Zespri Global Supply (ZGS).
Italy • France • Japan • South Korea • Australia
Short term trends

Trends shown in price, volume of consumption, or
production etc. over a period of one year or season.

Factors affecting short term trends = climate, attributes,
production practices, timing of production, timing of
supply to export markets, specific windows of supply &
price.
Market Trends

Market trends = is a historical change in demand
for a product that allows market forecasts to be
made to allow suppliers to plan ahead.

Market trends are useful for predicting possible
changes in demand for primary products.

If there has been a change in demand for a
product it may be useful to try and identify why
the change has occurred.
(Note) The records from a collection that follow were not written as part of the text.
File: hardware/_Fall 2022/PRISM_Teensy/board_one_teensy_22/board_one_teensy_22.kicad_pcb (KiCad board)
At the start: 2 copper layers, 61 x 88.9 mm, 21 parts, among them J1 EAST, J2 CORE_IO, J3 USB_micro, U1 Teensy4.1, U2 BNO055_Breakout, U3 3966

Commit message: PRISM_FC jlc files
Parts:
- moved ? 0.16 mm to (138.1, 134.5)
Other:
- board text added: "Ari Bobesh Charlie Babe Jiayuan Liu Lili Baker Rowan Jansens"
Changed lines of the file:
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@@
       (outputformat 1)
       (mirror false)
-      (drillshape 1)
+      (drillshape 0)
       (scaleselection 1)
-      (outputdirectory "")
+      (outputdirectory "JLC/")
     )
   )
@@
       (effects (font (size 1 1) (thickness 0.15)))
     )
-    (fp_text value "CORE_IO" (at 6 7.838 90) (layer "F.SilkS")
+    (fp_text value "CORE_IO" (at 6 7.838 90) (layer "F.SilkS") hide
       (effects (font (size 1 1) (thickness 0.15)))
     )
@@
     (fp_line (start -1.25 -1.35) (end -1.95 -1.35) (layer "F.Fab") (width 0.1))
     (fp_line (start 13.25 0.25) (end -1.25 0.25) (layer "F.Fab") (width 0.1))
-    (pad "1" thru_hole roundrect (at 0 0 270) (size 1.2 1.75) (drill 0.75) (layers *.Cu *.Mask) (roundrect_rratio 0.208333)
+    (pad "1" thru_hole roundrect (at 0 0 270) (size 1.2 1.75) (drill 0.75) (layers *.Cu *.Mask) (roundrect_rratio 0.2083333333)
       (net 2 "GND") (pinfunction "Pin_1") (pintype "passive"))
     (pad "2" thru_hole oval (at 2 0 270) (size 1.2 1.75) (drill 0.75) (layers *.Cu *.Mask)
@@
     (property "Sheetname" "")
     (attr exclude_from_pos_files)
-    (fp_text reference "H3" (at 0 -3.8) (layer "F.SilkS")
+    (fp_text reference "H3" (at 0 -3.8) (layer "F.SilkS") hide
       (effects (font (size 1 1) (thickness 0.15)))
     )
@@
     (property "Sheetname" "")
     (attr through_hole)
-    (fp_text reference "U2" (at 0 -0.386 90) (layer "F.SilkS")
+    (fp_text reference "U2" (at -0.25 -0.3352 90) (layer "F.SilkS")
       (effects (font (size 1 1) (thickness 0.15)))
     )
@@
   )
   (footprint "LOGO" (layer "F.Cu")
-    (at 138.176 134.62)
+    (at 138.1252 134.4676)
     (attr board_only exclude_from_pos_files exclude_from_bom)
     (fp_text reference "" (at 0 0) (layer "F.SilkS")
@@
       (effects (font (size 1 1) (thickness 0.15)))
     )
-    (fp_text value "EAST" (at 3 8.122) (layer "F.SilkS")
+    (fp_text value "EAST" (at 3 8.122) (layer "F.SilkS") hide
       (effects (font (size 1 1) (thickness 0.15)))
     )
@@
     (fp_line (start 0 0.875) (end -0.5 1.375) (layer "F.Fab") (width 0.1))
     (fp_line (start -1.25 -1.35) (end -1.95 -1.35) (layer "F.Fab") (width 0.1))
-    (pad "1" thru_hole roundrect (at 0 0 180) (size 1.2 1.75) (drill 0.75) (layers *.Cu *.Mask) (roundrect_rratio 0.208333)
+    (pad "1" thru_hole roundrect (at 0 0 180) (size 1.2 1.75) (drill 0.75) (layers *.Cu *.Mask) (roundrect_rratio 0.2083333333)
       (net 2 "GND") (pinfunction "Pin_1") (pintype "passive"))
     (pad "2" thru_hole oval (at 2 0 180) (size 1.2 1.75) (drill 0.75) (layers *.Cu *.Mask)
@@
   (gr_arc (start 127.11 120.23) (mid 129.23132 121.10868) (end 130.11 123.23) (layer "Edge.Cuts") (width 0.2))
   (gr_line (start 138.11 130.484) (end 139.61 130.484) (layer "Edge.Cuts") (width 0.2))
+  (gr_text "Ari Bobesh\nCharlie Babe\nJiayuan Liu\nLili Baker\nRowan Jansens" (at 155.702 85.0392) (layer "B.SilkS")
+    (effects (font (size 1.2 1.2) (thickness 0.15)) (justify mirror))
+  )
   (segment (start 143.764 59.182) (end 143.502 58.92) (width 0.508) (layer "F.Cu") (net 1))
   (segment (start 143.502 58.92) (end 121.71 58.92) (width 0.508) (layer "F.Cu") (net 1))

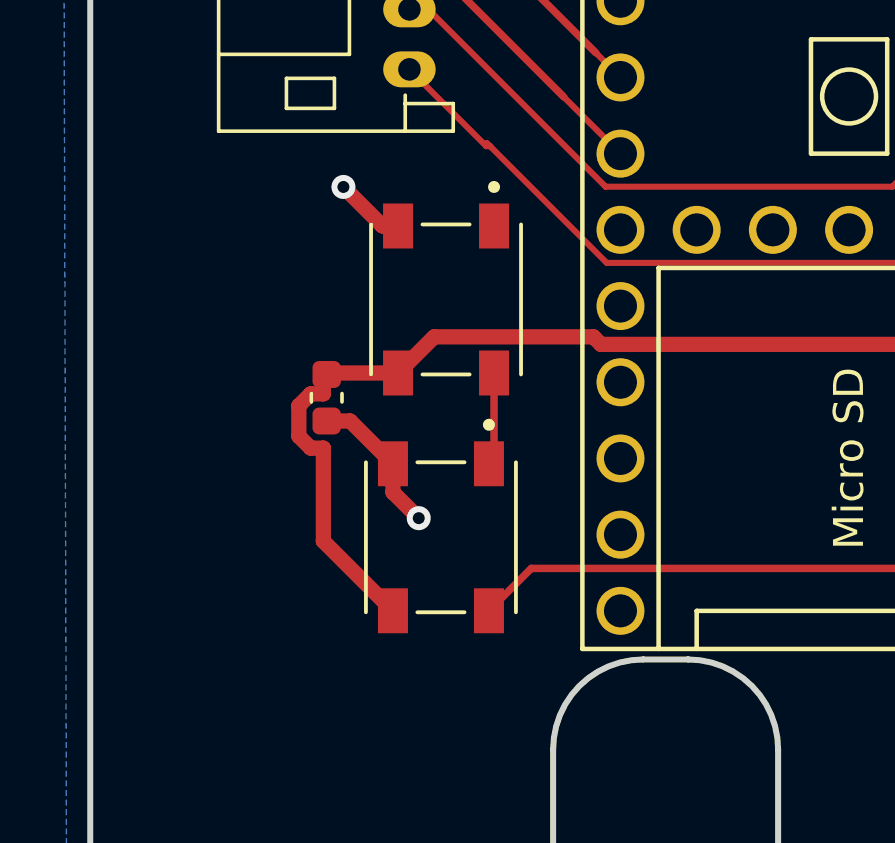
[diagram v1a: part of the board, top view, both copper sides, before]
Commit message: Changed neopixel footprint
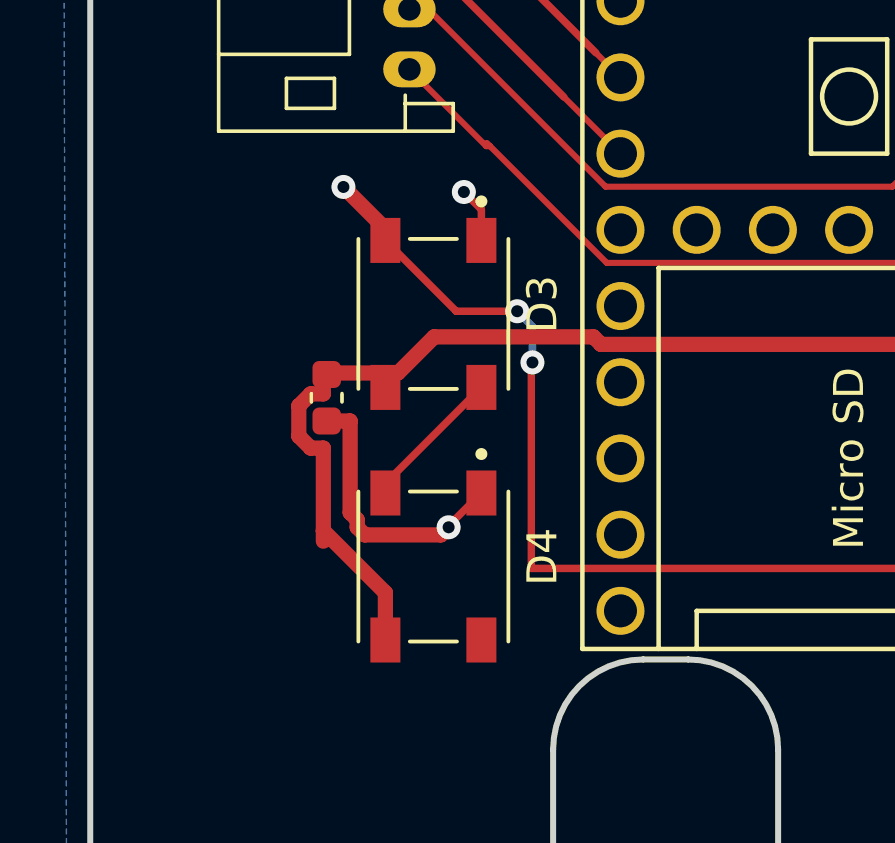
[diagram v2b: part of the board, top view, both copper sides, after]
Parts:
- removed D5: Neopixel2, neopixel:LED_1655
- added D3: 1655, neopixel:LED_1655, F.Cu at (118.6, 108.7)
- D4: value Neopixel1 -> 1655
- moved D4 1.01 mm to (118.6, 117.1)
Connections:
- D4 pad 1: Net-(D4-Pad1) -> GND
- D4 pad 2: GND -> Net-(D3-Pad4)
- D4 pad 4: /NEOPIXEL -> unconnected-(D4-Pad4)
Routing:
- net /NEOPIXEL: track 20.7 -> 34.9 mm, vias 0 -> 3
- net Net-(D3-Pad4): track 0.00 -> 4.85 mm
- net GND: track 31.2 -> 35.0 mm
- net Net-(D4-Pad1): track 3.10 -> 0.00 mm
- net /3.3V: track 118.4 -> 119.6 mm

This can be particularly
helpful if there has been a decrease in the
demand for a product, as it may indicate possible
future trends for other end products or for new
products.
Identifying possible reasons
for market trends.
Changes in demand may be the result of a wide variety of reasons
such as;

New products on the market.

Advertising and promotions

Changes in technology e.g. production of synthetic fibres
replacing wool.

Changes in income distribution e.g. if income increases people
may spend more money on more expensive foods.

Substitute products available e.g. potatoes can be replaced with
rice and pasta.

Changes in fashion or taste e.g. people eating more healthy
foods.

Changes in lifestyle e.g. busy people eat more fast foods.